→ What you should do
Starting at the first line of the entries below, restate each line exactly until you reach the line with "Autodesk Inventor part; units mm, degrees", and print that one too. Leave the pictures out and stop there.

(Collected data entries)
#####

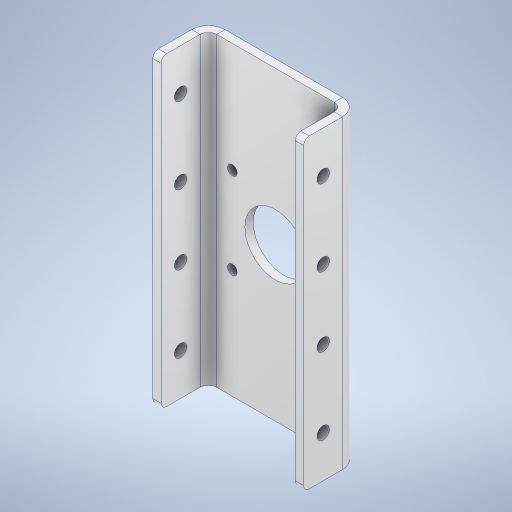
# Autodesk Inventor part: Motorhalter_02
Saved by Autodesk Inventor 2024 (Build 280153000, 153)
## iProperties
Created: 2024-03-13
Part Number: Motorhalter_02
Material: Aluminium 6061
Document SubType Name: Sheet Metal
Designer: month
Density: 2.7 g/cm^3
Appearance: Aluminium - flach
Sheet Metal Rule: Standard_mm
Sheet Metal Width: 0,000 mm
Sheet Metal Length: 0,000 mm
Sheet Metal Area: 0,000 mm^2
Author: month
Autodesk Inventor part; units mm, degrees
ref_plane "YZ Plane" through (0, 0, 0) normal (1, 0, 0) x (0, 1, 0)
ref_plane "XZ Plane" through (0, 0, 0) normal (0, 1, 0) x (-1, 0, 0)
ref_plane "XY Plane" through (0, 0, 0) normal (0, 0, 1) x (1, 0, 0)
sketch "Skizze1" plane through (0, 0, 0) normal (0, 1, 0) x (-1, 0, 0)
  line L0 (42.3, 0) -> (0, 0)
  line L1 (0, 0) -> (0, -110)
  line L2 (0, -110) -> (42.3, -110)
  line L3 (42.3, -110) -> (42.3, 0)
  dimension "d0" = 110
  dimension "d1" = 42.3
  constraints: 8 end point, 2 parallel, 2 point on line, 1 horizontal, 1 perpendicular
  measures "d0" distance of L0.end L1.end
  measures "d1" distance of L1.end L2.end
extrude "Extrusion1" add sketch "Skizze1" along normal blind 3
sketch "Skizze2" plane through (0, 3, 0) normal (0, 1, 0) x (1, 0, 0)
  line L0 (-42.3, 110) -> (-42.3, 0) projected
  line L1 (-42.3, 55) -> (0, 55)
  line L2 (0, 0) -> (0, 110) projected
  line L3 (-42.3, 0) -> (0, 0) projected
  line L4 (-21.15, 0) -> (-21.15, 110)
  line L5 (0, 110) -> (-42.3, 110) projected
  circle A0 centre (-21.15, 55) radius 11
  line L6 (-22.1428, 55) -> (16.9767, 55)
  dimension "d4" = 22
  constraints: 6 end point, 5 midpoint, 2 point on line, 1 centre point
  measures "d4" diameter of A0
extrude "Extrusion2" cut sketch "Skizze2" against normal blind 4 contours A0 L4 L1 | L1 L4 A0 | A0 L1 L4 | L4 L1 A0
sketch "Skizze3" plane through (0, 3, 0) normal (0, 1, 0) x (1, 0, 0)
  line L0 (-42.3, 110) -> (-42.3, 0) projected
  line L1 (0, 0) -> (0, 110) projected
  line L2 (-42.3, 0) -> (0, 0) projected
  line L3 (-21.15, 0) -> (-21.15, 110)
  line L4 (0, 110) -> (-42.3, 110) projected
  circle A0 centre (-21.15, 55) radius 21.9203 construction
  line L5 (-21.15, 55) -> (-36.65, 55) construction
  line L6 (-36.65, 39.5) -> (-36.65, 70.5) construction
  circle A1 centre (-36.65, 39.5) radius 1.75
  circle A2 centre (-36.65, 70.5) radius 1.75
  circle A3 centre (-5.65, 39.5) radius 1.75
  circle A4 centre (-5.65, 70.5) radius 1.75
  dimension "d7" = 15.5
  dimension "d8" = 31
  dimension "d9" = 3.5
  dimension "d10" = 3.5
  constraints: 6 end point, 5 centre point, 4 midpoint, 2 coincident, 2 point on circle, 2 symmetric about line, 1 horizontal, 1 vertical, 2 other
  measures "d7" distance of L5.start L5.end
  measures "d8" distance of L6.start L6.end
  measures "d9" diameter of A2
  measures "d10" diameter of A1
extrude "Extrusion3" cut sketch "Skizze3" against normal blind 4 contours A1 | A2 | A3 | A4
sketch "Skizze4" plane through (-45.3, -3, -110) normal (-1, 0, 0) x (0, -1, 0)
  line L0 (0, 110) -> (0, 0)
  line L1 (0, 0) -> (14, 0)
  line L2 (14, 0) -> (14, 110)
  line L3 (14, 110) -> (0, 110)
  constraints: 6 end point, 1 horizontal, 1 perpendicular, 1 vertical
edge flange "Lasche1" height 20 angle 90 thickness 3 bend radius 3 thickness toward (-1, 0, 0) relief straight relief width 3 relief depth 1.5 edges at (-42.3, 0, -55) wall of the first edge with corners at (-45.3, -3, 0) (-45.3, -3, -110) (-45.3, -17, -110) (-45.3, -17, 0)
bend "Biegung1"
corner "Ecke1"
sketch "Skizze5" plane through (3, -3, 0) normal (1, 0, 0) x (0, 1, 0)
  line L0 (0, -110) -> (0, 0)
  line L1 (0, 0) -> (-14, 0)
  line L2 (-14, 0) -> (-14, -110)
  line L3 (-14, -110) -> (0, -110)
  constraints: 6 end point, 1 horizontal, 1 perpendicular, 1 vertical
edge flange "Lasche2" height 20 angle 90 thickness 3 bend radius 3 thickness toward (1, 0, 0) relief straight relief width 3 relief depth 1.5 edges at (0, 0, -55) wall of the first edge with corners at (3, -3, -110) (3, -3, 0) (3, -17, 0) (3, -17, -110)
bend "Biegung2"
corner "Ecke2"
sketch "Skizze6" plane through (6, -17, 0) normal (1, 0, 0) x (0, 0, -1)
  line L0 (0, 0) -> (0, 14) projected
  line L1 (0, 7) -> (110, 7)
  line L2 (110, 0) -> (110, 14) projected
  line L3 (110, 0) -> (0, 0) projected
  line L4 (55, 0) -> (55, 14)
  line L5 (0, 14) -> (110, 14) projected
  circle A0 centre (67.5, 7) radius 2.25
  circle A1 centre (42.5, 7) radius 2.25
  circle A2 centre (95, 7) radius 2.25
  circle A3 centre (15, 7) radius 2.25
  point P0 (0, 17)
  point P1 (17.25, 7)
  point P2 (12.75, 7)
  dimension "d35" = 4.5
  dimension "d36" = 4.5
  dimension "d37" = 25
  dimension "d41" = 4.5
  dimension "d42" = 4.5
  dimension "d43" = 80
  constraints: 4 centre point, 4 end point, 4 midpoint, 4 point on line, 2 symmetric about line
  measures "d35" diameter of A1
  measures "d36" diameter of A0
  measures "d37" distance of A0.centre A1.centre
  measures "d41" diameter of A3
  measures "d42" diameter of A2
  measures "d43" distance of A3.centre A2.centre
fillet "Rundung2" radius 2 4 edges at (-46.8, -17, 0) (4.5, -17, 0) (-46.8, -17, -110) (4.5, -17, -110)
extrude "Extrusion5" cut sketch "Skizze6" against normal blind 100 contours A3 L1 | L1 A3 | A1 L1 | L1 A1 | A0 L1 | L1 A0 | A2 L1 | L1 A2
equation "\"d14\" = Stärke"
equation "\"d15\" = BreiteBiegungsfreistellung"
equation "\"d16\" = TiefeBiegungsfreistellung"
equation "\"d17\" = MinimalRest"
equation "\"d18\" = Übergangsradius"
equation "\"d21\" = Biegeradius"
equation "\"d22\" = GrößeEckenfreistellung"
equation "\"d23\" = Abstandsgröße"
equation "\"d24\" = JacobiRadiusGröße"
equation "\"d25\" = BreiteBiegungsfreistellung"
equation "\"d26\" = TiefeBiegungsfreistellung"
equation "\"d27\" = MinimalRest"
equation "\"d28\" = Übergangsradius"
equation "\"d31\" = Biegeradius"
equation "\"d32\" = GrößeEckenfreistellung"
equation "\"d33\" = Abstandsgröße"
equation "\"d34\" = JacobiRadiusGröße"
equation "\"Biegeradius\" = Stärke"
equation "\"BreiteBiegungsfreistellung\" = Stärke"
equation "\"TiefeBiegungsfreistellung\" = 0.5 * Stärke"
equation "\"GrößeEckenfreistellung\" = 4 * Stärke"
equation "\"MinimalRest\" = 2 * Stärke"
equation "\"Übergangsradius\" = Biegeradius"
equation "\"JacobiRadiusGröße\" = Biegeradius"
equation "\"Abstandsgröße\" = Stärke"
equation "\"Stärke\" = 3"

#####

→ Exercise answer
# Autodesk Inventor part: Motorhalter_02
Saved by Autodesk Inventor 2024 (Build 280153000, 153)
## iProperties
Created: 2024-03-13
Part Number: Motorhalter_02
Material: Aluminium 6061
Document SubType Name: Sheet Metal
Designer: month
Density: 2.7 g/cm^3
Appearance: Aluminium - flach
Sheet Metal Rule: Standard_mm
Sheet Metal Width: 0,000 mm
Sheet Metal Length: 0,000 mm
Sheet Metal Area: 0,000 mm^2
Author: month
Autodesk Inventor part; units mm, degrees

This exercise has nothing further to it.